El lun., 3 ene. 2022 8:38 a. m., Dan Kenigsberg <danken@redhat.com> escribió:
On Mon, Jan 3, 2022 at 8:42 AM Felix Enrique Llorente Pastora
<ellorent@redhat.com> wrote:
>
>
>
> On Tue, Dec 28, 2021 at 9:40 AM Dan Kenigsberg <danken@redhat.com> wrote:
>>
>> On Sun, Dec 19, 2021 at 11:20 AM Alona Paz <alkaplan@redhat.com> wrote:
>> >
>> >
>> >
>> > On Sun, Dec 19, 2021 at 10:42 AM Dan Kenigsberg <danken@redhat.com> wrote:
>> >>
>> >>
>> >>
>> >> On Fri, Dec 17, 2021 at 5:25 PM Felix Enrique Llorente Pastora <ellorent@redhat.com> wrote:
>> >>>
>> >>>
>> >>>
>> >>> On Fri, Dec 17, 2021 at 3:58 PM Dan Kenigsberg <danken@redhat.com> wrote:
>> >>>>
>> >>>> Thanks for sharing your plan.
>> >>>>
>> >>>> I would like to create a Linux bond of all the NICs of my machine, create a Linux bridge on top of it, and copy my original mac/IP/routing to that bridge. Can you share a policy that would let me express this desired state?
>> >>>
>> >>>
>> >>> You need to know the number of NICs, for example for three of them this would be it.
>> >>
>> >>
>> >> Thanks. Having a Python-like `0:-1` slice index to select a sublist could be even cooler.
>> >>
>> >> More importantly, I would like to be able to select all interfaces which have vlan 204 enabled on their switch port, as reported by lldp. What would the capture look like in this case?
>> >
>> >
>> > capture:
>> >     vlan-204: interfaces.lldp.enabled=="true" | interfaces.lldp.neighbors.ieee-802-1-vlans.vid==204
>> >
>> > But I suspect our current implementation will fail resolving this capture since not all the neighbor entries have the "ieee-802-1-vlans" key.
>> > We can change the implementation not to fail if at least one of the entries in a list has the required path.
>> >
>> > Then, even the following capture should work-
>> >
>> > capture:
>> >     vlan-204: interfaces.lldp.neighbors.ieee-802-1-vlans.vid==204
>>
>> Thanks. I find the capture language very powerful, I think I would
>> benefit from a tool that helps me build them, based on the current
>> state.
>> E.g a command line such as
>> nmstatectl show | nmpolicy testcapture
>> 'interfaces.lldp.enabled=="true" |
>> interfaces.lldp.neighbors.ieee-802-1-vlans.vid==204'
>> that would emit the value of yaml-encoded captures.
>>
>> Would something like this be possible?
>
>
> You can inspect that information at ~/.cache/nmpolicy/cache.yaml, it will dump there the captured states.

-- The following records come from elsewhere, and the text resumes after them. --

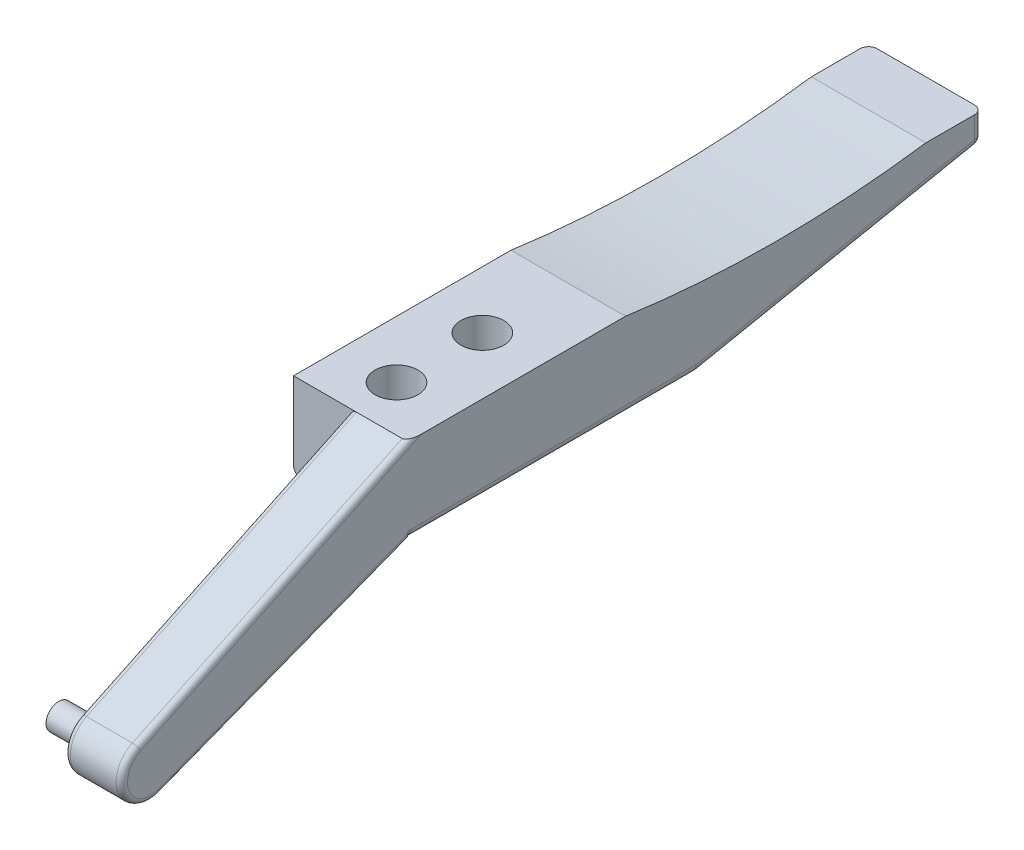
SolidWorks part; units mm, degrees
ref_plane "Front Plane" through (0, 0, 0) normal (0, 0, 1) x (1, 0, 0)
ref_plane "Top Plane" through (0, 0, 0) normal (0, 1, 0) x (1, 0, 0)
ref_plane "Right Plane" through (0, 0, 0) normal (1, 0, 0) x (0, 0, -1)
sketch "Sketch1" plane through (0, 0, 0) normal (0, 1, 0) x (1, 0, 0)
  line L1 (-20, 75) -> (20, 75)
  line L3 (-20, -75) -> (20, -75)
  line L4 (20, -75) -> (20, 75)
  line L5 (-20, -75) -> (-20, 75)
  circle A0 centre (0, -61.1649) radius 7.5
  circle A1 centre (0, -31.1649) radius 7.5
extrude "Boss-Extrude1" add sketch "Sketch1" against normal blind 30 contours L5 L1 L4 L3
sketch "Sketch3" plane through (0, 0, 0) normal (0, 1, 0) x (1, 0, 0)
  circle A0 centre (0, -60) radius 7.5
  circle A1 centre (0, -30) radius 7.5
extrude "Cut-Extrude1" cut sketch "Sketch3" against normal blind 30 contours A0 | A1
sketch "Sketch4" plane through (-20, 0, 0) normal (-1, 0, 0) x (0, 0, 1)
  line L1 (-75, -30) -> (-75, 0) construction
  line L2 (-75, -8) -> (0, -30)
  line L3 (75, -30) -> (-75, -30) construction
  line L4 (0, -30) -> (-75, -30)
  line L5 (-75, -30) -> (-75, -8)
extrude "Cut-Extrude2" cut sketch "Sketch4" against normal blind 49
sketch "Sketch6" plane through (0, 0, -75) normal (0, 0, -1) x (-1, 0, 0)
  line L1 (-20, 0) -> (20, 0)
  line L2 (-20, 0) -> (-20, -30)
  line L3 (-20, -30) -> (20, -30)
  line L4 (20, 0) -> (20, -30)
extrude "Boss-Extrude2" add sketch "Sketch6" along normal blind 50 and the other way blind 87
sketch "Sketch7" plane through (-20, 0, 0) normal (-1, 0, 0) x (0, 0, 1)
  line L1 (-125, -30) -> (-125, 0) construction
  line L2 (-125, -10) -> (-25, -30)
  line L3 (75, -30) -> (-125, -30) construction
  line L4 (-25, -30) -> (-125, -30)
  line L5 (-125, -30) -> (-125, -10)
extrude "Cut-Extrude3" cut sketch "Sketch7" against normal blind 50
sketch "Sketch8" plane through (0, 0, 75) normal (0, 0, 1) x (1, 0, 0)
  line L10 (20, -30) -> (6, -30)
  line L11 (-20, -30) -> (20, -30) construction
  line L12 (6, -30) -> (6, 0)
  line L13 (-20, 0) -> (20, 0) construction
  line L14 (6, 0) -> (20, 0)
  line L15 (20, 0) -> (20, -30)
  line L16 (-20, -30) -> (-6, -30)
  line L17 (-6, -30) -> (-6, 0)
  line L18 (-6, 0) -> (-20, 0)
  line L19 (-20, -30) -> (-20, 0) construction
  line L20 (-20, 0) -> (-20, -30)
extrude "Boss-Extrude4" add sketch "Sketch8" along normal blind 50
sketch "Sketch11" plane through (0, 0, 0) normal (0, 1, 0) x (1, 0, 0)
  line L0 (6, -75) -> (20, -75)
  line L1 (20, -125) -> (20, 125) construction
  line L2 (20, -75) -> (20, -125)
  line L3 (20, -125) -> (6, -125)
  line L4 (6, -125) -> (6, -75)
  line L5 (-6, -75) -> (-6, -125)
  line L6 (-6, -125) -> (-20, -125)
  line L7 (-20, -125) -> (-20, -75)
  line L8 (-20, -125) -> (-20, 125) construction
  line L9 (-20, -75) -> (-6, -75)
extrude "Cut-Extrude4" cut sketch "Sketch11" against normal blind 15
sketch "Sketch12" plane through (0, 0, 125) normal (0, 0, 1) x (1, 0, 0)
  line L1 (-20, -15) -> (-6, -15)
  line L2 (-20, -15) -> (-20, -30)
  line L3 (-20, -30) -> (-6, -30)
  line L4 (-6, -15) -> (-6, -30)
  line L5 (6, -15) -> (20, -15)
  line L6 (6, -15) -> (6, -30)
  line L7 (6, -30) -> (20, -30)
  line L8 (20, -15) -> (20, -30)
extrude "Boss-Extrude5" add sketch "Sketch12" along normal blind 10
sketch "Sketch13" plane through (-6, 0, 0) normal (1, 0, 0) x (0, 0, -1)
  circle A0 centre (-125, -22.5) radius 5
extrude "Boss-Extrude6" add sketch "Sketch13" along normal up to surface (12 mm away) contours A0 up to face at (6, -22.5, 105)
sketch "Sketch14" plane through (0, -30, 0) normal (0, -1, 0) x (1, 0, 0)
  circle A0 centre (0, 60) radius 7.5
  circle A1 centre (0, 60) radius 6
  circle A2 centre (0, 30) radius 6
  circle A3 centre (0, 30) radius 7.5
extrude "Boss-Extrude7" add sketch "Sketch14" against normal blind 5
sketch "Sketch15" plane through (20, 0, 0) normal (1, 0, 0) x (0, 0, -1)
  line L0 (125, 0) -> (105, 0)
  line L1 (-75, 0) -> (125, 0) construction
  circle A0 centre (52.5, 373.9316) radius 377.5991
extrude "Cut-Extrude5" cut sketch "Sketch15" against normal blind 50 contours A0
fillet "Fillet1" radius 3 2 edges at (20, -30, 55) (-20, -30, 55)
fillet "Fillet2" radius 3 8 edges at (-20, -18.5, -82.5) (-19.1213, -29.1213, -29.3934) (0, -30, -25) (19.1213, -29.1213, -29.3934) (-20, -5, -125) (20, -5, -125) (0, -10, -125) (20, -18.5, -82.5)
sketch "Sketch17" plane through (0, 0, 75) normal (0, 0, 1) x (1, 0, 0)
  line L0 (20, 0) -> (20, -30)
  line L1 (14.0365, -30) -> (20, -30)
  line L2 (6, -30) -> (17, -30) construction
  line L3 (20, 0) -> (-20, 0)
  line L4 (-20, 0) -> (-20, -30)
  line L5 (-20, -30) -> (14.0365, -30)
extrude "Boss-Extrude11" add sketch "Sketch17" along normal up to surface (60 mm away) up to face at (13.9243, -23.5243, 135)
sketch "Sketch23" plane through (0, 0, 135) normal (0, 0, 1) x (1, 0, 0)
  line L0 (-20, -15) -> (0, -15)
  line L1 (-20, 0) -> (-20, -30) construction
  line L3 (0, -30) -> (0, -15)
  line L4 (-20, -30) -> (20, -30) construction
  line L6 (-20, -30) -> (0, -30)
  line L7 (-20, -15) -> (-20, -30)
  line L9 (-20, -30) -> (20, -30)
  line L10 (-20, -30) -> (-20, 0)
  line L11 (-20, 0) -> (20, 0)
  line L12 (20, -30) -> (20, 0)
  line M1 (-20, 0) -> (-20, -30)
  line M2 (-20, -30) -> (20, -30)
  line M3 (20, -30) -> (20, 0)
  line M4 (20, 0) -> (-20, 0)
extrude "Cut-Extrude8" cut sketch "Sketch23" against normal up to surface (60 mm away) contours L3 L0 M2 M3 M4 M1 region at (3.3333, -12.5, 135) up to face at (19.2071, -29.2071, 75)
sketch "Sketch25" plane through (0, 0, 75) normal (0, 0, 1) x (1, 0, 0)
  line L0 (-20, -15) -> (-20, 0)
  line L1 (-20, 0) -> (0, 0)
  line L2 (-20, 0) -> (20, 0) construction
  line L3 (0, 0) -> (0, -15)
  line L4 (0, -15) -> (-20, -15)
extrude "Boss-Extrude13" add sketch "Sketch25" along normal up to surface (60 mm away) up to face at (-10, -22.5, 135)
sketch "Sketch26" plane through (0, 0, 0) normal (1, 0, 0) x (0, 0, -1)
  circle A0 centre (-125, -15) radius 5
extrude "Boss-Extrude14" add sketch "Sketch26" along normal up to surface (20 mm away) up to face at (20, -9.3154, -31.9576)
sketch "Sketch27" plane through (0, 0, 75) normal (0, 0, 1) x (1, 0, 0)
  line L1 (20, 0) -> (-20, 0)
  line L2 (20, 0) -> (20, -60)
  line L3 (20, -60) -> (-20, -60)
  line L4 (-20, 0) -> (-20, -60)
extrude "Boss-Extrude15" add sketch "Sketch27" along normal up to surface (60 mm away) up to face at (-10, -15, 135)
sketch "Sketch28" plane through (0, 0, 75) normal (0, 0, -1) x (-1, 0, 0)
  line L0 (20, -27) -> (20, -60) construction
  line L1 (-20, -60) -> (20, -60)
  line L2 (-20, -60) -> (-20, -30)
  line L3 (-20, -30) -> (20, -30)
  line L4 (20, -60) -> (20, -30)
extrude "Cut-Extrude9" cut sketch "Sketch28" against normal blind 1
sketch "Sketch29" plane through (0, 0, 135) normal (0, 0, 1) x (1, 0, 0)
  line L0 (20, 0) -> (-20, 0) construction
  line L1 (20, -60) -> (0, -60)
  line L2 (20, -60) -> (20, 0)
  line L3 (20, 0) -> (0, 0)
  line L4 (0, -60) -> (0, 0)
extrude "Cut-Extrude10" cut sketch "Sketch29" against normal up to surface (59 mm away) up to face at (0, -45, 76)
fillet "Fillet6" radius 3 1 edges at (-20, -30, 75.5)
fillet "Fillet7" radius 3 1 edges at (20, -30, 75.5)
sketch "Sketch30" plane through (0, 0, 135) normal (0, 0, 1) x (1, 0, 0)
  line L0 (-20, 0) -> (-20, -30)
  line L1 (-20, 0) -> (-20, -60) construction
  line L2 (-20, -15) -> (0, -15)
  line L3 (0, 0) -> (0, -60) construction
  line L4 (0, -15) -> (0, 0)
  line L5 (0, 0) -> (-20, 0)
  line M1 (0, -60) -> (0, 0)
  line M2 (0, 0) -> (-20, 0)
  line M3 (-20, 0) -> (-20, -60)
extrude "Cut-Extrude11" cut sketch "Sketch30" against normal up to surface (59 mm away) contours L2 M3 M1 M2 region at (-10, -7.5, 135) up to face at (11.5243, -17.5243, 76)
sketch "Sketch31" plane through (0, 0, 0) normal (1, 0, 0) x (0, 0, -1)
  line L0 (-129.7694, -41.2162) -> (-129.0122, -40.847)
  line L1 (-76, -15) -> (-76, -30)
  line L2 (-76, -30) -> (-118.7075, -57.7744)
  line L3 (-129.6113, -41.0081) -> (-129.7694, -41.2162)
  line L4 (-89.6197, -15) -> (-129.6113, -41.0081)
  line L5 (-76, -30) -> (-76, -60)
  line L6 (-76, -60) -> (-135, -60)
  line L7 (-135, -60) -> (-135, -15)
  line L8 (-135, -15) -> (-76, -15)
  line L9 (-96, -19.1494) -> (-129.6113, -41.0081) construction
  line L10 (-96, -15) -> (-96, -19.1494) construction
  circle A0 centre (-125.0122, -50.0122) radius 10
  line M9 (-76, -15) -> (-135, -15)
  line M10 (-135, -15) -> (-135, -60)
  line M11 (-135, -60) -> (-76, -60)
  line M12 (-76, -60) -> (-76, -30)
  dimension "D1" = 20
extrude "Cut-Extrude13" cut sketch "Sketch31" against normal blind 28 contours A0 M10 M11 | A0 L2 M11 M12 | A0 L3 L4 M9 M10 region at (0, -24.9817, 119.9741) region at (0, -57.7806, 132.7806) region at (0, -50.0084, 91.4032)
sketch "Sketch32" plane through (0, 0, 0) normal (1, 0, 0) x (0, 0, -1)
  line L0 (-76, -30) -> (-76, 0)
  line L1 (-76, 0) -> (-129.7694, -41.2162)
  line L2 (-129.7694, -41.2162) -> (-76, -30)
extrude "Boss-Extrude16" add sketch "Sketch32" against normal up to surface (20 mm away) up to face at (-20, -28.5466, 55.3206)
sketch "Sketch33" plane through (0, 0, 0) normal (1, 0, 0) x (0, 0, -1)
  circle A0 centre (-125.0122, -50.0122) radius 5
extrude "Boss-Extrude17" add sketch "Sketch33" along normal up to surface (20 mm away) contours A0 up to face at (20, -11.526, -18.3379)
ref_plane "Plane2" through (0, 10, 0) normal (0, 1, 0) x (1, 0, 0)
sketch "Sketch34" plane through (0, 0, 0) normal (1, 0, 0) x (0, 0, -1)
  line L0 (-129.6113, -41.0081) -> (-129.7694, -41.2162)
  line L1 (-129.6113, -41.0081) -> (-76, 0)
  line L2 (-76, 0) -> (-76, -30)
  line L3 (-76, -30) -> (-76, 0) construction
  line L4 (-76, -30) -> (-118.7075, -57.7744)
  arc A0 (-129.7694, -41.2162) -> (-118.7075, -57.7744) centre (-125.0122, -50.0122) ccw
extrude "Cut-Extrude15" cut sketch "Sketch34" against normal up to surface (20 mm away) up to face at (-20, -30.8448, 56.4126)
extrude "Cut-Extrude16" cut sketch "Sketch34<2>" along normal up to surface (20 mm away) up to face at (20, -11.526, -18.3379)
sketch "Sketch34<2>" plane through (0, 0, 0) normal (1, 0, 0) x (0, 0, -1) same geometry as "Sketch34"
extrude "Boss-Extrude19" add sketch "Sketch34<3>" along normal up to surface (20 mm away) up to face at (20, -11.526, -18.3379)
sketch "Sketch34<3>" plane through (0, 0, 0) normal (1, 0, 0) x (0, 0, -1) same geometry as "Sketch34"
sketch "Sketch38" plane through (0, 0, 0) normal (-1, 0, 0) x (0, 0, 1)
  circle A0 centre (125.0122, -50.0122) radius 5
sketch "Sketch39" plane through (0, 0, 0) normal (-1, 0, 0) x (0, 0, 1)
  line L0 (162.0273, -59.1835) -> (76, -78.9424)
  line L1 (169.997, -40.8408) -> (76, 0)
  line L2 (76, -30) -> (76, 0) construction
  line L3 (76, 0) -> (129.6113, -41.0081) construction
  line L4 (76, 0) -> (76, -30)
  line L6 (162.0273, -59.1835) -> (76, -30)
  line L7 (76, -78.9424) -> (76, -30)
  arc A0 (162.0273, -59.1835) -> (169.997, -40.8408) centre (166.0122, -50.0122) ccw
  line M6 (129.6113, -41.0081) -> (76, 0)
  line M8 (76, -30) -> (118.7075, -57.7744)
  arc M9 (118.7075, -57.7744) -> (129.7694, -41.2162) centre (125.0122, -50.0122) ccw
  line M10 (129.7694, -41.2162) -> (129.6113, -41.0081)
extrude "Cut-Extrude17" cut sketch "Sketch39" against normal blind 23 contours L7 L0 L6 M9 M8 | L6 M9 M8 region at (0, -58.461, 102.3812) region at (0, -47.5284, 112.7515)
extrude "Boss-Extrude21" add sketch "Sketch39<3>" against normal blind 20 contours L6 A0 L1 M6 M10 M9 region at (0, -36.3816, 138.4753)
sketch "Sketch39<3>" plane through (0, 0, 0) normal (-1, 0, 0) x (0, 0, 1) same geometry as "Sketch39"
sketch "Sketch40" plane through (0, -4.0074, 0) normal (-1, 0, 0) x (0, 0, 1)
  circle A0 centre (166.0122, -50.0122) radius 4.5
extrude "Boss-Extrude22" add sketch "Sketch40" along normal up to surface (12 mm away)
ref_plane "Plane5" through (0, 0, 0) normal (-1, 0, 0) x (0, 0, 1)
sketch "Sketch42" plane through (0, 0, 0) normal (-1, 0, 0) x (0, 0, 1)
  line L0 (166.0122, -54.0196) -> (166.0122, -54.0122)
  line L1 (170.3172, -44.9863) -> (76, 0)
  line L2 (76, 0) -> (76, -30)
  line L3 (162.4124, -63.3418) -> (76, -30)
  line L4 (175.8593, -55.7544) -> (179.2704, -36.4741)
  line L5 (179.2704, -36.4741) -> (76, 0)
  circle A0 centre (166.0122, -54.0122) radius 10
extrude "Cut-Extrude18" cut sketch "Sketch42" against normal blind 20 contours A0 L4 L5 L1 region at (0, -28.5967, 144.6768)
extrude "Boss-Extrude23" add sketch "Sketch42<4>" against normal blind 20 contours A0 L1 L2 L3 | A0 region at (0, -31.8969, 115.5317) region at (0, -48.8269, 174.2302)
sketch "Sketch42<4>" plane through (0, 0, 0) normal (-1, 0, 0) x (0, 0, 1) same geometry as "Sketch42"
sketch "Sketch43" plane through (0, 0, 0) normal (-1, 0, 0) x (0, 0, 1)
  circle A0 centre (166.0122, -54.0196) radius 5.5
extrude "Boss-Extrude24" add sketch "Sketch43" along normal blind 2
fillet "Fillet8" radius 2 6 edges at (20, -46.6709, 119.2062) (20, -57.9675, 175.1967) (0, -46.6709, 119.2062) (0, -57.9675, 175.1967) (20, -22.4932, 123.1586) (0, -22.4932, 123.1586)

I see a few drawbacks to relying on this:
- caches are typically not visible to end users, their content and
location may change
- I need to write a full policy; I prefer to focus on a single capture string
- When I run the nmpolicyctl I create a side effect (changing the
cache). I don't want to do so when I test captures. I'm looking for a
pure test-only usage.

Right, maybe eve a nmpolicyctl filter make sense beyond testing purpose, it will allow the user to filter state, like stuff we do a knnstate filtering veth.


P.s. because we keep the cache for a long while, we need to place a
version number in it, in case we ever need to make a breaking change
in its format.


Regards,
Dan.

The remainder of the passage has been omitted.